Charbonneau immediately set the tone for his apparently prickly relationship with the rest of the explorers by refusing to perform the duties every member of the party was obligated to perform. Not only would he decline to stand regular guard and carry out other routine camp tasks, he told the commanders, but he wanted a guarantee that if he ever grew "miffed with any man" he would be free to leave with as many provisions as he could carry.

The commanders rejected Charbonneau's terms and hired another interpreter. Four days later, however, Charbonneau returned to apologize, and Lewis and Clark hired him.

With one exception, Charbonneau's skills in the wilderness did not impress either of the expedition's leaders, Lewis describing him as "a man of no particular merit." Twice, he nearly caused disasters while at the helm of one of the expedition's boats.

The first time, only a few days after the group left it's winter quarters in spring 1805, came when a sudden squall blew up the river and Charbonneau turned the boat broadside to the wind - the worst possible maneuver, nearly causing it to overturn.

The second time came a month later, when Charbonneau again reacted to a sudden gust by turning the boat broadside to the wind. The boat flipped and began filling with water; Charbonneau panicked and froze. One of his shipmates, Pierre Cruzatte, drew a gun and threatened to shoot Charbonneau if he did not grab the rudder and regain control of the vessel while the rest of the crew worked to stabilize the boat. As the boat's cargo began floating away, Sacagawea calmly retrieved most of the items.

Not surprisingly, Lewis pronounced Charbonneau, who could not swim, "the most timid waterman in the world."

Charbonneau also reacted to an early encounter with grizzly bears by running away and firing his gun wildly into the air. He was reprimanded by Clark for striking Sacagawea one night at dinner.

The only really favorable reference to Charbonneau in the expedition journals concerns his culinary skills. Lewis, something of an epicure, describes in rapturous detail Charbonneau's preparation of a dish called "boudin blanc," or white pudding - actually a sort of sausage encased in buffalo intestines, boiled and then fried - which Lewis declared "we all esteem one of the greatest delicacies of the forest."

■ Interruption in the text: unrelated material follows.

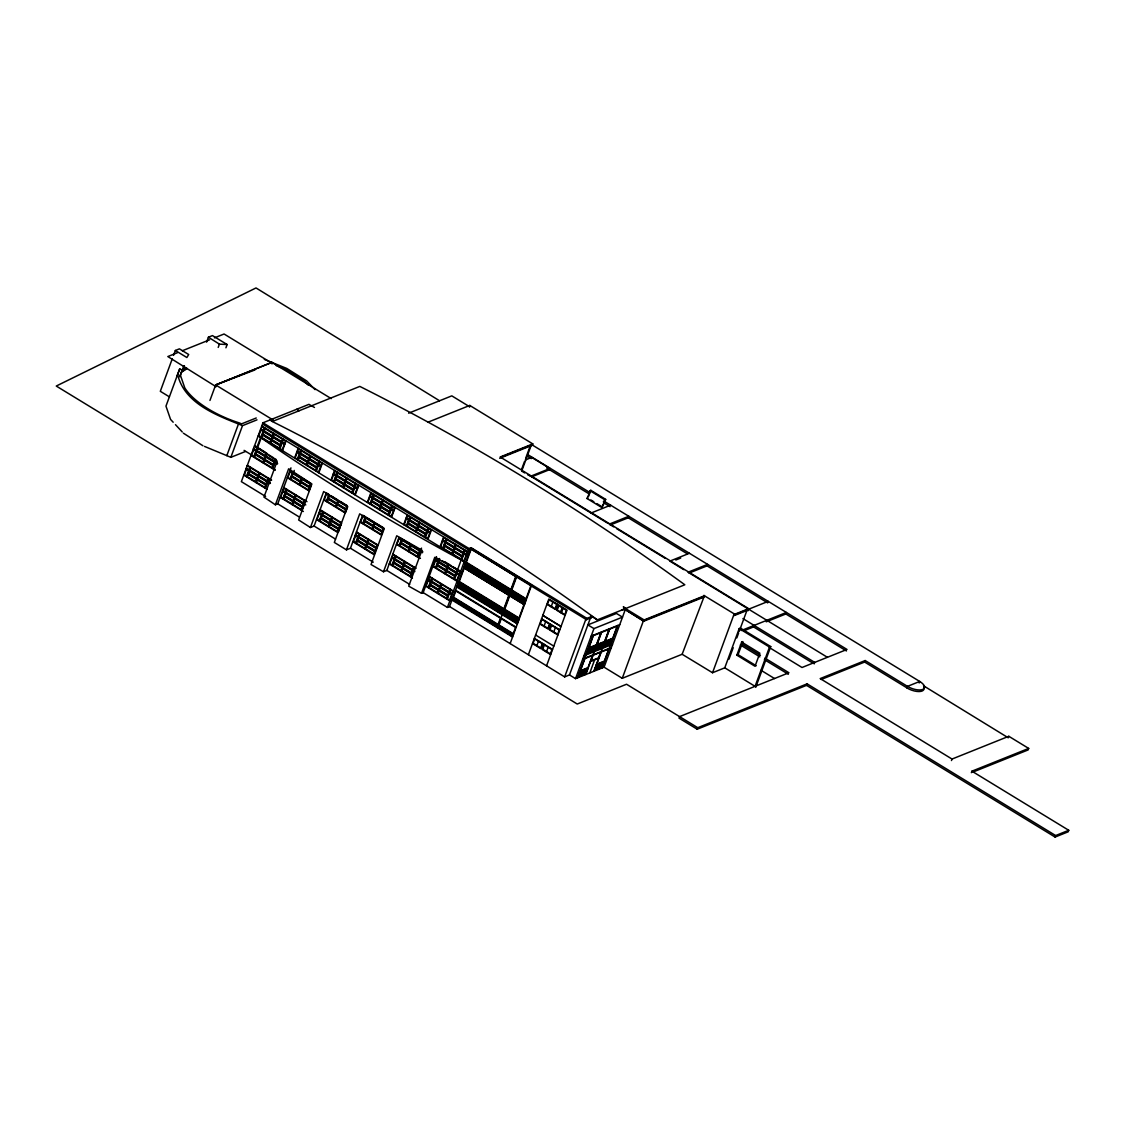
<?xml version="1.0" encoding="UTF-8"?>
<svg xmlns="http://www.w3.org/2000/svg" width="1125" height="1125" viewBox="0 0 1125 1125"><rect width="100%" height="100%" fill="white"/><g stroke="black" fill="none" stroke-linecap="round" stroke-linejoin="round"><path stroke-width="1.5" d="M177.483 352.688L167.836 356.555L216.113 386.733L215.198 386.184L215.663 384.947L271.884 362.391L215.663 384.947L209.953 400.444M603.647 501.975C603.183 502.383 605.292 502.284 603.492 501.525M603.633 501.272L603.661 502.58L604.041 501.272M604.097 501.553L603.788 502.27M536.723 646.116L538.552 640.927M543.952 626.484L545.766 621.295M551.166 606.853L552.994 601.664M546.427 652.036L548.241 646.847M553.641 632.405L555.469 627.216M172.322 358.65L160.312 391.303L169.411 396.858M173.531 355.387L175.331 350.48L179.409 348.848L188.691 354.516L186.862 357.525L175.331 350.48M179.761 376.819L182.138 370.308L179.719 368.831L165.966 406.125L170.564 419.414L173.18 422.227M180.028 376.059L183.853 365.695M184.472 365.963L182.672 370.87L186.82 368.241M206.592 342.127L208.392 337.219L212.47 335.587L227.123 344.531L225.914 347.794M218.208 347.414L219.417 344.137L227.123 344.531M245.362 451.519L230.85 457.341L226.814 455.639L238.472 423.984C214.439 414.464 184.092 402.398 177.623 374.456M230.85 457.341L242.494 425.672L257.006 419.85M314.48 407.461L308.953 404.353L262.969 422.789L241.369 481.655L265.613 496.448M244.364 474.919L246.431 469.28M257.02 447.145L260.803 436.88M246.797 476.958L250.411 467.142M254.025 457.341L264.853 427.894M255.895 482.512L259.509 472.697M263.109 462.881L266.723 453.066M270.338 443.264L273.952 433.448M275.217 458.817L274.359 461.18L266.119 456.145L266.977 453.783L273.853 457.973M264.98 488.053L268.594 478.252M272.208 468.436L274.613 461.897M279.422 448.805L283.036 438.989M265.57 487.856L267.652 482.231L269.831 483.567M276.075 459.337L275.203 461.686L277.383 463.022M282.459 450.661L286.073 440.845M265.43 452.278L254.602 445.669L277.186 461.138L263.953 497.109L275.386 504.787L288.633 468.802L311.878 484.003L298.645 519.975L310.43 527.513L314.086 526.05L326.123 493.341L347.344 506.278L344.939 512.817L323.719 499.88M275.386 504.787L277.734 503.845L290.967 467.873M294.581 458.058L298.181 448.242M283.163 499.162L286.777 489.347M290.391 479.531L292.795 472.992M297.605 459.9L301.219 450.084M294.258 470.433L293.386 472.795L301.627 477.816M292.261 504.703L295.861 494.888M299.475 485.086L301.88 478.533M306.703 465.455L310.303 455.639M301.345 510.258L304.959 500.442M315.788 470.995L319.402 461.194M301.936 510.061L304.017 504.436M304.341 503.508L305.212 501.159M309.164 490.43L311.231 484.805M318.825 472.852L322.425 463.036M310.43 527.513L323.663 491.541L347.583 506.461L334.336 542.447L346.458 549.844L350.452 548.241L362.489 515.531L383.709 528.483L381.305 535.022L360.084 522.07M330.947 480.248L334.547 470.433M319.528 521.353L323.142 511.537M326.756 501.722L329.161 495.183M333.97 482.105L337.584 472.289M328.627 526.908L332.227 517.092M335.841 507.277L338.245 500.737M343.069 487.645L346.669 477.83M352.153 493.2L355.767 483.384M338.302 532.252L340.369 526.627M340.706 525.712L341.578 523.35M345.53 512.62L347.597 506.995M355.191 495.042L358.791 485.227M346.458 549.844L359.691 513.858L384.272 528.525L371.025 564.511L383.498 571.767L386.817 570.431L398.855 537.722L422.086 551.911M367.312 502.439L370.912 492.637M355.894 543.544L359.508 533.728M363.122 523.927L365.527 517.373M370.336 504.295L373.95 494.48M364.992 549.098L368.592 539.283M372.206 529.467L374.611 522.928M379.434 509.836L383.034 500.034M388.519 515.391L392.133 505.575M391.556 517.247L395.156 507.431M383.498 571.767L396.731 535.781L421.959 550.181L408.727 586.167L421.537 593.297L423.183 592.636L436.43 556.65M403.664 524.644L407.278 514.828M392.259 565.748L395.873 555.933M399.473 546.117L401.892 539.578M406.702 526.486L410.316 516.67M401.344 571.289L404.958 561.473M408.572 551.658L410.977 545.119M415.786 532.041L419.4 522.225M469.294 406.744L469.772 405.436L532.8 443.911L532.322 445.219L499.697 458.311M410.442 576.844L414.056 567.028M417.656 557.212L420.075 550.673M424.884 537.581L428.498 527.78M411.033 576.647L413.1 571.022M413.438 570.094L414.309 567.745M421.523 548.114L420.666 550.477L422.845 551.798M427.908 539.438L431.522 529.622M421.537 593.297L434.77 557.311L460.673 571.444L452.784 566.634M440.03 546.834L443.644 537.019M436.683 557.367L435.811 559.716L437.991 561.052L438.862 558.703M428.625 587.939L432.239 578.123M435.839 568.308L439.453 558.492M443.067 548.691L446.681 538.875M439.706 559.209L438.848 561.572L447.089 566.606L447.947 564.244L442.462 560.897M437.709 593.48L441.323 583.678M444.937 573.862L448.552 564.047M452.152 554.231L455.766 544.416M448.805 564.764L447.933 567.112L456.173 572.147L457.045 569.798L450.169 565.608M446.808 599.034L450.422 589.219M454.022 579.403L464.864 549.97M262.547 424.083L468.605 549.858L470.728 549L586.434 619.678L591.258 617.752L591.75 616.444L586.927 618.37L471.164 547.72L469.041 548.564L447.427 607.43L423.183 592.636M447.427 607.43L449.55 606.572L471.164 547.72M471.291 548.789L466.327 562.275L510.933 589.5L515.897 576.014L471.291 548.789L516.136 576.773M521.494 469.673L524.475 461.559M525.67 458.311L529.861 446.934M521.817 470.798L531.309 445.008L500.695 457.298M531.534 476.887L549.478 469.688L549.9 468.52L531.731 457.425L531.295 458.592L526.922 455.934M527.527 474.666L530.452 476.044M497.419 627.778L516.487 575.817M510.159 643.57L531.633 585.07L471.023 548.072M586.983 498.488L590.766 490.275L605.672 499.373L601.889 507.586L586.983 498.488L587.883 498.122M588.459 496.561L590.766 490.275M542.897 643.472L540.97 648.703L532.491 643.528M544.106 644.203L542.18 649.448L550.659 654.623M551.334 624.586L549.408 629.817L557.888 634.992M560.869 612.773L562.795 607.542M601.889 507.586L605.672 499.373M528.398 654.652L548.845 599.034L567.028 610.13L546.581 665.747M449.55 606.572L564.652 676.884L585.83 619.312M586.434 619.678L586.927 618.37M564.652 676.884L569.475 674.944L590.653 617.372L591.258 617.752M610.312 524.981L628.256 517.781L628.819 516.277L609.244 524.138L613.673 526.837M569.475 674.944L575.536 678.642L593.944 628.594L622.505 617.147L616.444 613.448L587.883 624.895L593.944 628.594M577.575 677.827L593.227 635.302M585.731 674.55L601.383 632.039M589.809 672.919L594.619 659.841M593.888 671.288L609.539 628.763M602.044 668.011L617.695 625.486M604.083 667.195L625.275 609.623L643.444 620.719L622.266 678.291L604.083 667.195L575.536 678.642M625.472 610.158L625.95 608.85L644.133 619.945L704.405 595.772L703.8 595.392L734.794 614.236L748.659 608.667L500.175 457.003L532.8 443.911M625.275 609.623L643.655 621.253L644.133 619.945M689.105 573.075L707.048 565.875L707.611 564.37L688.036 572.217L827.423 657.309M622.266 678.291L682.144 654.272L704.405 595.772M682.144 654.272L712.533 672.736L734.189 613.856M745.678 610.369L733.627 615.206L734.794 614.236M764.93 658.111L788.92 672.75L679.57 716.611L679.022 718.116L697.205 729.211L697.753 727.706L807.103 683.845L1055.644 835.552L1068.75 830.292L971.916 771.188L971.367 772.692M712.533 672.736L724.767 667.828L739.209 628.58L740.433 628.087L770.738 646.58L755.733 687.347M729 659.166L733.205 647.719M736.819 637.903L738.619 632.995M739.223 631.364L747.169 609.764L747.773 610.144M748.083 610.72L748.659 608.667M736.847 655.172L741.656 642.094L742.88 641.602L738.07 654.68L736.847 655.172L755.016 666.267L759.839 653.189L741.656 642.094M744.033 630.731L753.567 626.906L754.116 625.402M770.738 646.58L769.514 647.072L755.072 686.334L724.767 667.828M766.266 621.816L785.841 613.969L786.389 612.464L741.403 630.506M814.163 663.905L814.725 662.4L742.922 618.581M697.205 729.211L806.541 685.35L807.103 683.845M821.25 679.458L864.633 662.048L865.181 660.544L907.495 686.362A11.531 4.88 20.2 0 0 922.697 689.456A11.531 4.88 20.2 0 0 919.73 681.455L531.183 444.319M919.167 682.959L919.73 681.455L907.495 686.362L906.905 687.938A11.531 4.88 20.2 0 0 919.083 691.552A11.531 4.88 20.2 0 0 923.78 687.67M951.469 760.556L952.031 759.052L1008.802 736.284L1028.686 748.42L1028.138 749.925L972.984 772.045M1008.802 736.284L1008.253 737.789L923.498 685.758M806.541 685.35L1055.095 837.056L1055.644 835.552M1068.75 830.292L1068.202 831.797L1055.095 837.056M177.061 376.017L179.719 368.831M181.477 372.164L186.82 368.803M182.306 350.761L209.616 339.806M214.425 337.866L224.072 333.998L272.559 363.6L271.434 363.628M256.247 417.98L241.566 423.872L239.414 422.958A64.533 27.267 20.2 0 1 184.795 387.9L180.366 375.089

Despite repeated references to Charbonneau's pratfalls and less savory characteristics, his treatment at the conclusion of the expedition suggests that he was less inept and more useful to the explorers than it might seem. Declaring that Charbonneau had "discharged his duties with good faith," the commanders presented him a voucher for $500.33 for his services. He cashed it in later in St. Louis, and was granted the same 320 acres of land given to each of the expedition's enlisted men.